===== THE DATA

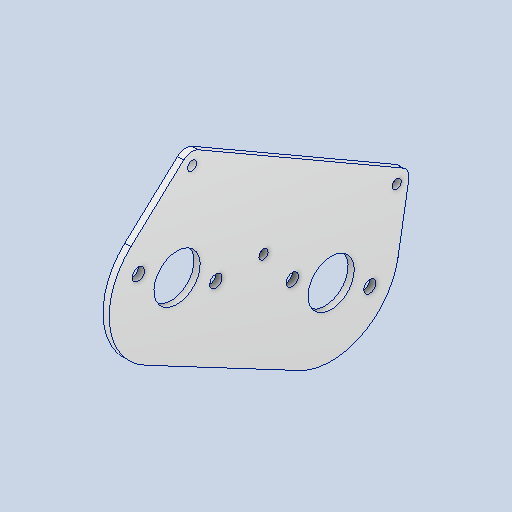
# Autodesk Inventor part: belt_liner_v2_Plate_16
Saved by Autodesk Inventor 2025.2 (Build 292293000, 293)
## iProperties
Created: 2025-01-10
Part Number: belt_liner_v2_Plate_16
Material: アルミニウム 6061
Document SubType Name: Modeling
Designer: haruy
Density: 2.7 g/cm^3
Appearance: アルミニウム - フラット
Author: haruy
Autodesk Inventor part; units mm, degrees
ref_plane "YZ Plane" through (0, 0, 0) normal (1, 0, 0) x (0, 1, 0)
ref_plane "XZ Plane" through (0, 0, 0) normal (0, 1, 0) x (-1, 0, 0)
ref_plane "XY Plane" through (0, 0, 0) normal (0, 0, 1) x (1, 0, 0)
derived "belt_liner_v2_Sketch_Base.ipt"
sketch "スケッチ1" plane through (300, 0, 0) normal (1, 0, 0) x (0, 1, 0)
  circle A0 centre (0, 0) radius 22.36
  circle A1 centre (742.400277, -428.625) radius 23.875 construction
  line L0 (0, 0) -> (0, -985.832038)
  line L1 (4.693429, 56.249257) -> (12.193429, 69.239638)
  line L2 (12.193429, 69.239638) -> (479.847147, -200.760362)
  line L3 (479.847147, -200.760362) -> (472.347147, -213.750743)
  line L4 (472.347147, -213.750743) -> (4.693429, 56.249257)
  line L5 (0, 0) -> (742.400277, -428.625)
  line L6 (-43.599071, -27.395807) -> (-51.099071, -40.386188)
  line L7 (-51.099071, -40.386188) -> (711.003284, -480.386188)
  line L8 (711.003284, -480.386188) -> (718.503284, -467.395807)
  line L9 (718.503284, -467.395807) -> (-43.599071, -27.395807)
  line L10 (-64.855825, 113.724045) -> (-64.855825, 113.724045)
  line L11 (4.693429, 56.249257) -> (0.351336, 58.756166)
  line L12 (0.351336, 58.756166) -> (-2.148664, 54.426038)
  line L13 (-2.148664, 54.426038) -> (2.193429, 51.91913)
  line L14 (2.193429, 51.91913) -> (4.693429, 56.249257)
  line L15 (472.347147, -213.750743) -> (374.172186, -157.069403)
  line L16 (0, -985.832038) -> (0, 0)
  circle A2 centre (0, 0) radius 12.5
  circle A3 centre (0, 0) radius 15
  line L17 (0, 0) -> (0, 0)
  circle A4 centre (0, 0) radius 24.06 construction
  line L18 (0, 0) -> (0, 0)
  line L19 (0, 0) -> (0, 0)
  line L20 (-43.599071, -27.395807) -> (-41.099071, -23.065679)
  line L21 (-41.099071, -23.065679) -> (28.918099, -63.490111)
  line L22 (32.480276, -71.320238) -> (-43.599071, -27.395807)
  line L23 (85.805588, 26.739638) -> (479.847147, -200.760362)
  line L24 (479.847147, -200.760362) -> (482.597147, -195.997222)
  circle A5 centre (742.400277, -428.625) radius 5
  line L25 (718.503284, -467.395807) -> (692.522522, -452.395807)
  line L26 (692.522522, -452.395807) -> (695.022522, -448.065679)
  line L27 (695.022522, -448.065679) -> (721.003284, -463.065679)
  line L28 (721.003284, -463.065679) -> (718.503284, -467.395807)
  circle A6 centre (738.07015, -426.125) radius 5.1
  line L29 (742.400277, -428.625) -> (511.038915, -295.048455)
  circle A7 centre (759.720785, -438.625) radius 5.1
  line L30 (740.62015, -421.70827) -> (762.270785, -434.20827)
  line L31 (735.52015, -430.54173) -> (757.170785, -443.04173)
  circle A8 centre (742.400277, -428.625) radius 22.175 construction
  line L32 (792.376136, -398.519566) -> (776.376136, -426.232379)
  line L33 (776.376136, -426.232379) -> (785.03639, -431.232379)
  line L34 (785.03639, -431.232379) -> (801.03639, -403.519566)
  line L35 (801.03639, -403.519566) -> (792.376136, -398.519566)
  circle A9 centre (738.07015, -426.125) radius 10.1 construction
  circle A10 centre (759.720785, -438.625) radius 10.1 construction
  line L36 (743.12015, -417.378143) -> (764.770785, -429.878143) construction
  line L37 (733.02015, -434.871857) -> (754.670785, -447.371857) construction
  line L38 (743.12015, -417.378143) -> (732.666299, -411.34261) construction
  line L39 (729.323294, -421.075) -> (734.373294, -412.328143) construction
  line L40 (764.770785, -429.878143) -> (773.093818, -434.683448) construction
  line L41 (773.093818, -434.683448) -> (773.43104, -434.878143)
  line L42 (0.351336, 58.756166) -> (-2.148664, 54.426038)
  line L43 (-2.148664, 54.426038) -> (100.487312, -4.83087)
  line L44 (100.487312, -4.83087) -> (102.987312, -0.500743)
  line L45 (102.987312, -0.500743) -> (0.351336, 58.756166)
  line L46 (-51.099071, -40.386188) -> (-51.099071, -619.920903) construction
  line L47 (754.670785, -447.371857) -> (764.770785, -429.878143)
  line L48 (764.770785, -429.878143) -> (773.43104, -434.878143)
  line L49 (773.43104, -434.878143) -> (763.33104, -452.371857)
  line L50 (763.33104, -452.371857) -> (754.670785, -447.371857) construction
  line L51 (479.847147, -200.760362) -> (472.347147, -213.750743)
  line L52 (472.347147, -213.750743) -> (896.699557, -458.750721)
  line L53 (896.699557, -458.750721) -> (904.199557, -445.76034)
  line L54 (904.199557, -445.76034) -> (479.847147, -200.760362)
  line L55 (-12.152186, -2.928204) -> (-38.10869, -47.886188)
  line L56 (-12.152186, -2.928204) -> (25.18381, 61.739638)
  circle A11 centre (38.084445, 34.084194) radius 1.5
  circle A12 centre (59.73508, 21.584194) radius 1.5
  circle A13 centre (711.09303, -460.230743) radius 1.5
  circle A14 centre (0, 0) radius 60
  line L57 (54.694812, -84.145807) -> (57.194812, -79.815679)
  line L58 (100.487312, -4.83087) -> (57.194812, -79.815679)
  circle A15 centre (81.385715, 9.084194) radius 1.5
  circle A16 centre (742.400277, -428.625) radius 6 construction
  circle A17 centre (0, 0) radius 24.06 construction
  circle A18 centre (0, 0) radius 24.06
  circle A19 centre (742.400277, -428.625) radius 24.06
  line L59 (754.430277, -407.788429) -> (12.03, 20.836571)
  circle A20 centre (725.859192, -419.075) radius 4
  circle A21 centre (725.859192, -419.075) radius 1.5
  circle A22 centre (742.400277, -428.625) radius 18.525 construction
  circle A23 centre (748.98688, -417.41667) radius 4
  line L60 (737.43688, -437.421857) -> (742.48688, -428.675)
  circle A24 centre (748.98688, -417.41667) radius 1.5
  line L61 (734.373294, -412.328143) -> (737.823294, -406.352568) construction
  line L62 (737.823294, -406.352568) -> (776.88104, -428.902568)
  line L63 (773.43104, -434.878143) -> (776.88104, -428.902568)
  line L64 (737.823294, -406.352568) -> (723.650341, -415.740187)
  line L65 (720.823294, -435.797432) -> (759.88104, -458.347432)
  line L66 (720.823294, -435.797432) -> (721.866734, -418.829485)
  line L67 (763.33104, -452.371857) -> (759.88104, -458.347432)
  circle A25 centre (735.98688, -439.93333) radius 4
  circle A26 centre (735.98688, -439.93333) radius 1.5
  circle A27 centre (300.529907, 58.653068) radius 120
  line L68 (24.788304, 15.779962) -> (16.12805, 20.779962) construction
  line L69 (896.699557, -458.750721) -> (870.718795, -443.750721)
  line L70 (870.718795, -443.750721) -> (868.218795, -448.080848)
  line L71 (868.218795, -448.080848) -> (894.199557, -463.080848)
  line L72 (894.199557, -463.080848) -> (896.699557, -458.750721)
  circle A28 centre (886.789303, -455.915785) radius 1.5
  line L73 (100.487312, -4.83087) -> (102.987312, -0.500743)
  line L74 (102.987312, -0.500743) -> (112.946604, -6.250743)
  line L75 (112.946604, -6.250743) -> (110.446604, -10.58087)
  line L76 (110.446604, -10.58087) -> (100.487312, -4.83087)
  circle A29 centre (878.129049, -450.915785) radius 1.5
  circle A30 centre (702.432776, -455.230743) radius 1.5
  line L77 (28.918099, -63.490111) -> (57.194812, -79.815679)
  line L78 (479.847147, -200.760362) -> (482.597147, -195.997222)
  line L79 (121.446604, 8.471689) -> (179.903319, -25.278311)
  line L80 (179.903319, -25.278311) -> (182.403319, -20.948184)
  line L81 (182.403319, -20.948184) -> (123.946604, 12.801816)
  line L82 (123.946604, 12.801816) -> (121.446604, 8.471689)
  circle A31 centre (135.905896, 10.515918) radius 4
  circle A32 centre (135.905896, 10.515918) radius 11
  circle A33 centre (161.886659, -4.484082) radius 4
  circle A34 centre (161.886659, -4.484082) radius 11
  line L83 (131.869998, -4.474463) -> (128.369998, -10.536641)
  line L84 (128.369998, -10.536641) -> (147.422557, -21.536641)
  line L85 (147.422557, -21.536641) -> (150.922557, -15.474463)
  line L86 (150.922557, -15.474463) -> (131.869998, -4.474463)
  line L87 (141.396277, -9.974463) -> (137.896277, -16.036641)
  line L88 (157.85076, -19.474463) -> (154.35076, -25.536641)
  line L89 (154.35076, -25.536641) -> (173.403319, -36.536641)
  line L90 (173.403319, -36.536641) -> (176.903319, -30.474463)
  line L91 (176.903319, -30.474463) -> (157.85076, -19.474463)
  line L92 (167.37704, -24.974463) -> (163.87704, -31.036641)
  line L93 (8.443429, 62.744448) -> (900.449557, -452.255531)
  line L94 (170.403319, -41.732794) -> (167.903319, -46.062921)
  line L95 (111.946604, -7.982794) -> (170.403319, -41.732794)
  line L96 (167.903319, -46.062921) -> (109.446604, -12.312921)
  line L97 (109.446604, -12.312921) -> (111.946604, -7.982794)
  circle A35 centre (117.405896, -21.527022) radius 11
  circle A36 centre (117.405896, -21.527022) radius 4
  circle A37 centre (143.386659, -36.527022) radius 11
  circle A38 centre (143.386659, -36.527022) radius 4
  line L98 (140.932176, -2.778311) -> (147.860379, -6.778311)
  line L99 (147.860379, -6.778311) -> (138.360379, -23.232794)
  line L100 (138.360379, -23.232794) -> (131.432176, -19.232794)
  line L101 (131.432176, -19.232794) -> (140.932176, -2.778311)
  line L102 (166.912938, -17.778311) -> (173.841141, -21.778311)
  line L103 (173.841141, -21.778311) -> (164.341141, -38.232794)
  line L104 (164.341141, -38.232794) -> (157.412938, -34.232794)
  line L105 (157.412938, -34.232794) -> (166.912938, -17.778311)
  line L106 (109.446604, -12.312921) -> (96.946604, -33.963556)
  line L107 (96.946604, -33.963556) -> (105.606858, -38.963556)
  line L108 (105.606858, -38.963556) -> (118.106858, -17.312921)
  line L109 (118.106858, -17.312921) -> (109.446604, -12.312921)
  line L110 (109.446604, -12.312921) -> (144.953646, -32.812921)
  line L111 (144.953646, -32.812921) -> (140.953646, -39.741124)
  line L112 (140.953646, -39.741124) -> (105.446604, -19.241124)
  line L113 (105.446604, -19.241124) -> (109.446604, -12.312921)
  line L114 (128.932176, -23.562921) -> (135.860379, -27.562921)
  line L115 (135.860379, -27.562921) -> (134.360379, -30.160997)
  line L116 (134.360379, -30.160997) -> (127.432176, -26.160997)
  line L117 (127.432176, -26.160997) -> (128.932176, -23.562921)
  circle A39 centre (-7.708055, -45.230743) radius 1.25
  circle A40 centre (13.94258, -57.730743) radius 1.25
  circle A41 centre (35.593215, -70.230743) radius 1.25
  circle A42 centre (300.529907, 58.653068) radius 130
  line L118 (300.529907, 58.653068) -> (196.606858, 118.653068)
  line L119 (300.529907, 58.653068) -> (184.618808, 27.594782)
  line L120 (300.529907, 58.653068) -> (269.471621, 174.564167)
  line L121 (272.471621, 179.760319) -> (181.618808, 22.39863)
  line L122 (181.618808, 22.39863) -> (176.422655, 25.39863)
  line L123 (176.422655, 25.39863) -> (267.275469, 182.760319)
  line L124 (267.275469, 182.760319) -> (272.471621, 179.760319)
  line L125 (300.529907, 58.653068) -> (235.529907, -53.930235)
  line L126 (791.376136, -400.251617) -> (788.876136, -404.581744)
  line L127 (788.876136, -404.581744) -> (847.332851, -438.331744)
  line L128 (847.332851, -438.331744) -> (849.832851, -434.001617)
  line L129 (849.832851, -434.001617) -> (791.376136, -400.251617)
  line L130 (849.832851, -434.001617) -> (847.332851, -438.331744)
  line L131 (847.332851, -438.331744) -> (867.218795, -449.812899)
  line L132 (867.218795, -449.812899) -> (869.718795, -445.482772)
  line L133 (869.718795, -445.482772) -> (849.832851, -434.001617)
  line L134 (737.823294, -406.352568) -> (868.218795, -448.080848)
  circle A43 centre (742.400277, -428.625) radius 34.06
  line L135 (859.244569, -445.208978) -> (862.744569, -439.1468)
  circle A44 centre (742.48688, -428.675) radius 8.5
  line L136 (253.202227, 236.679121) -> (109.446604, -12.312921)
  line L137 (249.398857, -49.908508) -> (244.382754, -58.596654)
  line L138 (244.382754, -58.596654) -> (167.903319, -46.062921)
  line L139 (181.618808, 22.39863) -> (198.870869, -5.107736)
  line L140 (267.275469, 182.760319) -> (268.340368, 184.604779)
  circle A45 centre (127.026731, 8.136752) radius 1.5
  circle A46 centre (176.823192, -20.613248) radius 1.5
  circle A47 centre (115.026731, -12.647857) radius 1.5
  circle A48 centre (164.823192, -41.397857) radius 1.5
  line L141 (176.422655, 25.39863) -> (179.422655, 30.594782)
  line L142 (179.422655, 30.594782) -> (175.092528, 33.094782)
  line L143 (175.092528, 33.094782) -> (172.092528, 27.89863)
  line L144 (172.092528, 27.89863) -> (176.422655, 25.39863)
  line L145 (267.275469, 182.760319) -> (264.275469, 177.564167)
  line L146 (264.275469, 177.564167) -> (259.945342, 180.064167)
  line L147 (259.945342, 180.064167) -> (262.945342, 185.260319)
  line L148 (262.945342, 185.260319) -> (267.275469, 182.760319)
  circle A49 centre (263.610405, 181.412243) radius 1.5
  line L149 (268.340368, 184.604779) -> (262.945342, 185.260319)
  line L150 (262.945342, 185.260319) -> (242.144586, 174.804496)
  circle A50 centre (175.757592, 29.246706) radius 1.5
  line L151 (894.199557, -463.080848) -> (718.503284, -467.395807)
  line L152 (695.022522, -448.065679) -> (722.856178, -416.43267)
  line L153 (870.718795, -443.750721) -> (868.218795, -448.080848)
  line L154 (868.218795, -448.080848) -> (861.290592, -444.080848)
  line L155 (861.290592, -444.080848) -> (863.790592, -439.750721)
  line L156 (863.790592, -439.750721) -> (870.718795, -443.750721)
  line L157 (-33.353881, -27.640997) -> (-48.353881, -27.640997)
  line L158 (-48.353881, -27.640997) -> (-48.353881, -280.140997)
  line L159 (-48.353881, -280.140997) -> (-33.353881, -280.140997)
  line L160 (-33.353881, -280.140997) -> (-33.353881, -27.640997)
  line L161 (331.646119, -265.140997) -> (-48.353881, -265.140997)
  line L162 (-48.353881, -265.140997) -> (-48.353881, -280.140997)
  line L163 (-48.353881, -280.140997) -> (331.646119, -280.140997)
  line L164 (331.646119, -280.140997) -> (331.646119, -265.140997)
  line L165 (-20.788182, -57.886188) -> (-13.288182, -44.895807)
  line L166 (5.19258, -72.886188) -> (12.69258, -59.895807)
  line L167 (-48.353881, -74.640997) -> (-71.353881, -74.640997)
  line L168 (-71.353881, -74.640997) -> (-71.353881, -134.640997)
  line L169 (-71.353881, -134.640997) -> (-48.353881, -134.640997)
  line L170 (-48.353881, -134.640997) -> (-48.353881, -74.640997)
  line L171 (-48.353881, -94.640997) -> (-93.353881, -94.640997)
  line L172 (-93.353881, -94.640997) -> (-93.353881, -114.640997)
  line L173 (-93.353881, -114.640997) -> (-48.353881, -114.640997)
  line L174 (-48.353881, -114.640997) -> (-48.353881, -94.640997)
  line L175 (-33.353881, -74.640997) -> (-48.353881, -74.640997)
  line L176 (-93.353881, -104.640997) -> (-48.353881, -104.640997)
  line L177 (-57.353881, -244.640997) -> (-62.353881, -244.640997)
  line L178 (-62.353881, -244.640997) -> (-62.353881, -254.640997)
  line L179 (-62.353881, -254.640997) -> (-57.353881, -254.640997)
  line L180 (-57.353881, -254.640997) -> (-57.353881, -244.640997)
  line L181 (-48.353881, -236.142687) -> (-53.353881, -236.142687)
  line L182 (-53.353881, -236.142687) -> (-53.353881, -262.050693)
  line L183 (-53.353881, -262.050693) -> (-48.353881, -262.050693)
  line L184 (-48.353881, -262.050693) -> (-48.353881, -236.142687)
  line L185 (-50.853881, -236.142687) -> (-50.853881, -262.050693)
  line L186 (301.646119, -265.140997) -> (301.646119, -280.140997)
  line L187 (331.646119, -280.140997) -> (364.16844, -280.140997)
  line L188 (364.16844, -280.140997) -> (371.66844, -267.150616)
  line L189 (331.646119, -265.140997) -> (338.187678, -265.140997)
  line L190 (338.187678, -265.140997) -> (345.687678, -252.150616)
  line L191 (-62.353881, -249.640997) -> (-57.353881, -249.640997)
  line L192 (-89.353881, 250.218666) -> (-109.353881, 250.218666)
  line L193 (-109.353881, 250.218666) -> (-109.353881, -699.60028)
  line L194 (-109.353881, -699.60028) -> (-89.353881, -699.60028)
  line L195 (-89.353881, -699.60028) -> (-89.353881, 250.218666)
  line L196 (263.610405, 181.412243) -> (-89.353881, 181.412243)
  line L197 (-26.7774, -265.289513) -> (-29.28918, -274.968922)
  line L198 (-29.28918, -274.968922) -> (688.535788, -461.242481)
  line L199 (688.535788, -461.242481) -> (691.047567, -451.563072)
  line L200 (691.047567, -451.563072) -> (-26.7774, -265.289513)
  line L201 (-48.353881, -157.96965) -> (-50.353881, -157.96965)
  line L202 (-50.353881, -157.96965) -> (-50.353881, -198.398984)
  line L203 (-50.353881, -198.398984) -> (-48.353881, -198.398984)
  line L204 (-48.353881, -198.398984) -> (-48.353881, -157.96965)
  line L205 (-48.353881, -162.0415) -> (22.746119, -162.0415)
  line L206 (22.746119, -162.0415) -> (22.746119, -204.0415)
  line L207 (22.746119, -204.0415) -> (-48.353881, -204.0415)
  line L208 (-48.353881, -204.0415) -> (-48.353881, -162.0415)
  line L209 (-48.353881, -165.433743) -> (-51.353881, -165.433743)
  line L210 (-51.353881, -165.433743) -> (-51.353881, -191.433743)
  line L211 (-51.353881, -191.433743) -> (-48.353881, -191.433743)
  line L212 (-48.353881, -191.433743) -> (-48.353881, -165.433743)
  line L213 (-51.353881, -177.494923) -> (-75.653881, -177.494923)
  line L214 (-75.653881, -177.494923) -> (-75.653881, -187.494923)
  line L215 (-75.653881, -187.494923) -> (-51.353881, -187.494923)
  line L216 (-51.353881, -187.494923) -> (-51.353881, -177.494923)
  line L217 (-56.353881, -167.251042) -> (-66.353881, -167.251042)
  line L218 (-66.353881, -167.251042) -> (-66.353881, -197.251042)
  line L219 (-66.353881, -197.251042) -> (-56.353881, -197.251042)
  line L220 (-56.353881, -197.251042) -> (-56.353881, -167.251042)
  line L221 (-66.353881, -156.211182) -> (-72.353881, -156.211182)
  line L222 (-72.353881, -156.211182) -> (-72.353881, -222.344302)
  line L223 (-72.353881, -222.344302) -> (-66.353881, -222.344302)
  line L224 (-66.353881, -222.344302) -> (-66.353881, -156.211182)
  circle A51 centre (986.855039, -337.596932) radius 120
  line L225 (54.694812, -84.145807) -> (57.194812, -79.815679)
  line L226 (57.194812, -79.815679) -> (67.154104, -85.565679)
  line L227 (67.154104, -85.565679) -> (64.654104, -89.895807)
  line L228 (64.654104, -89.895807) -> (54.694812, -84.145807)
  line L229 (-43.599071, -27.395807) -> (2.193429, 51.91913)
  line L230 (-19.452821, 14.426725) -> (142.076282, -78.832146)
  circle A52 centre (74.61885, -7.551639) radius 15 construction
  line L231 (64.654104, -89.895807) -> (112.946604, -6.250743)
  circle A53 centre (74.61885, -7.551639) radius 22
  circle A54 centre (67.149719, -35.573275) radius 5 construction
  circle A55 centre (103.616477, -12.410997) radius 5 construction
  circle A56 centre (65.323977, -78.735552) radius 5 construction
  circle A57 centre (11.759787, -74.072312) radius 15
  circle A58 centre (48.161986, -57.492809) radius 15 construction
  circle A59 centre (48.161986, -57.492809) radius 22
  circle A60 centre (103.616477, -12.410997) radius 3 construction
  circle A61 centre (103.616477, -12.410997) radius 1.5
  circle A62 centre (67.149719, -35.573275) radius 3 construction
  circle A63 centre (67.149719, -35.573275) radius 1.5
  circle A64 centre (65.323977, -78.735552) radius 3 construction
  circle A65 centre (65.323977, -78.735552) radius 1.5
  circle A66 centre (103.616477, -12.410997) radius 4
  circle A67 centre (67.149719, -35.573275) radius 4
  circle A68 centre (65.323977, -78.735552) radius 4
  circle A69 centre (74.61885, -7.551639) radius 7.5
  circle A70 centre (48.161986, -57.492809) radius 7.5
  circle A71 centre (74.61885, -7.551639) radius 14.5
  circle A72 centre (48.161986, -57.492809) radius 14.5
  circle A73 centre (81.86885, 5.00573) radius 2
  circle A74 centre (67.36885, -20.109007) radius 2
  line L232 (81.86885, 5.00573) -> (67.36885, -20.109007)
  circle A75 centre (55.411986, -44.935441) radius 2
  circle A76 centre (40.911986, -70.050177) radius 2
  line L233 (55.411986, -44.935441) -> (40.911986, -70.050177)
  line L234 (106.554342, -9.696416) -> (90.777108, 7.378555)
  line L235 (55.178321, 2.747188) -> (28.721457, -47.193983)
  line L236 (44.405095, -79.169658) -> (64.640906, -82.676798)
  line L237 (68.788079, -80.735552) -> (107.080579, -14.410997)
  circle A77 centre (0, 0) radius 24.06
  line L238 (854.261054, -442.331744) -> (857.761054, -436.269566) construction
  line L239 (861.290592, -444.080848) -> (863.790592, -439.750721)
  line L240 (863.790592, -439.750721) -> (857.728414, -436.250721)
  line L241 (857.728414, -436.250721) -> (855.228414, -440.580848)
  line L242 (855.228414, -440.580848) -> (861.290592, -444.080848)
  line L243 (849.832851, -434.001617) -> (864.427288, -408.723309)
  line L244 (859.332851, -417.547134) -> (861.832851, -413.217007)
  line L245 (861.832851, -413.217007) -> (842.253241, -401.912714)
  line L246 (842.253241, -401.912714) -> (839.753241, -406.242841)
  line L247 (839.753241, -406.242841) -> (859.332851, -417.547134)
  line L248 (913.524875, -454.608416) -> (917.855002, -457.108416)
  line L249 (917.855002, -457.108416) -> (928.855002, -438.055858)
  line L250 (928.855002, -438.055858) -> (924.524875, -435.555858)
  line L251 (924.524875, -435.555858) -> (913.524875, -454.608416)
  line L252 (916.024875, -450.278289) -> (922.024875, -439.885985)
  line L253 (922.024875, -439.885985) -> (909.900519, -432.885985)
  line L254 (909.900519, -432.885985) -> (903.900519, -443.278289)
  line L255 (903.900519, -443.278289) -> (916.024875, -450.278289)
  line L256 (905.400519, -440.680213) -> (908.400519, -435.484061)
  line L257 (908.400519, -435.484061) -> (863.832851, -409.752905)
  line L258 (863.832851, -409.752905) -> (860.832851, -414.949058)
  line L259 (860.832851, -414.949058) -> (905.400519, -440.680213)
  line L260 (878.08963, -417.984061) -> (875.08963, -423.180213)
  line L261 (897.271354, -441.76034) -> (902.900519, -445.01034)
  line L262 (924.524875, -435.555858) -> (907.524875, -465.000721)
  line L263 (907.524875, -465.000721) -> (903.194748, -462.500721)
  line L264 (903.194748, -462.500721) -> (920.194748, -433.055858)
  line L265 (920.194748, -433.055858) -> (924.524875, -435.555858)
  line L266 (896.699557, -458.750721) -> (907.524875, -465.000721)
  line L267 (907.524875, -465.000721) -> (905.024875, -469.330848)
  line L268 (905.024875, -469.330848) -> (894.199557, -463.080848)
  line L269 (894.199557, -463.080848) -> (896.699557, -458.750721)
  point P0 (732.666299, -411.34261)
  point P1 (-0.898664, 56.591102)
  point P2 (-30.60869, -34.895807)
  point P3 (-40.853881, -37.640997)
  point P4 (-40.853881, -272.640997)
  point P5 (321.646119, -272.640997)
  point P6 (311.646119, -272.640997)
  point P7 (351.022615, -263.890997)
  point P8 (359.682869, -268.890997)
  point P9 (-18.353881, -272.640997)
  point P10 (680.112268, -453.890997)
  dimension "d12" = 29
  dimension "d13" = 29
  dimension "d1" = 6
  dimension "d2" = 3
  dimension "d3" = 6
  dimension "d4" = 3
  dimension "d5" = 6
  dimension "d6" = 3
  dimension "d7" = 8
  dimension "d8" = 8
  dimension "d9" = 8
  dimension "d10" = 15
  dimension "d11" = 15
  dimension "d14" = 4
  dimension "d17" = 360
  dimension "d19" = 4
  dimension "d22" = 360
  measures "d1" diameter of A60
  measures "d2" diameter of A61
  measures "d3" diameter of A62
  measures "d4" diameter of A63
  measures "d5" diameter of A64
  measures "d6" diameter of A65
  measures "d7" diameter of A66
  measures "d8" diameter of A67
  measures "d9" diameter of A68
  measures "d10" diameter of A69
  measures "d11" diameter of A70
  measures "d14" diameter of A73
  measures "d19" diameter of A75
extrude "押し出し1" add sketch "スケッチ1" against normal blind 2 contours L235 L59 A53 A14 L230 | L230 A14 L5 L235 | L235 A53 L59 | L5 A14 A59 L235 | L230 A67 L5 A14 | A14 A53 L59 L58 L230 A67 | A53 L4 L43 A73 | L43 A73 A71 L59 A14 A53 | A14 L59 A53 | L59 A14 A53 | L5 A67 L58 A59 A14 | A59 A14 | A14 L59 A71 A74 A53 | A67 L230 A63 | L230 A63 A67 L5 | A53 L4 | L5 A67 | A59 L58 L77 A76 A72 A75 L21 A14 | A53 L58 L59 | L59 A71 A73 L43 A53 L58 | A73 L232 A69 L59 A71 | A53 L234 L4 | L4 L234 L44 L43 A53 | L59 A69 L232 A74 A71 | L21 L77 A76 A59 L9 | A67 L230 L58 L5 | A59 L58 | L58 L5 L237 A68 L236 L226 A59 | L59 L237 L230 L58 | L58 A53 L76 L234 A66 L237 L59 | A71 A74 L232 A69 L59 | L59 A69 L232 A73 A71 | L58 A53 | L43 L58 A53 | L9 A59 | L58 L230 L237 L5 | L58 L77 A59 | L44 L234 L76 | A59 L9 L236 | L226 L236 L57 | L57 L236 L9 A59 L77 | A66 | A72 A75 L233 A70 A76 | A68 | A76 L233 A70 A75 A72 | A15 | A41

==========

# TASK TO COMPLETE:
In the listing above, find the line containing "circle A68 centre" and the line containing "circle A76 centre", then quote both, plus every line between them, exactly as written.

# ANSWER SECTION:
  circle A68 centre (65.323977, -78.735552) radius 4
  circle A69 centre (74.61885, -7.551639) radius 7.5
  circle A70 centre (48.161986, -57.492809) radius 7.5
  circle A71 centre (74.61885, -7.551639) radius 14.5
  circle A72 centre (48.161986, -57.492809) radius 14.5
  circle A73 centre (81.86885, 5.00573) radius 2
  circle A74 centre (67.36885, -20.109007) radius 2
  line L232 (81.86885, 5.00573) -> (67.36885, -20.109007)
  circle A75 centre (55.411986, -44.935441) radius 2
  circle A76 centre (40.911986, -70.050177) radius 2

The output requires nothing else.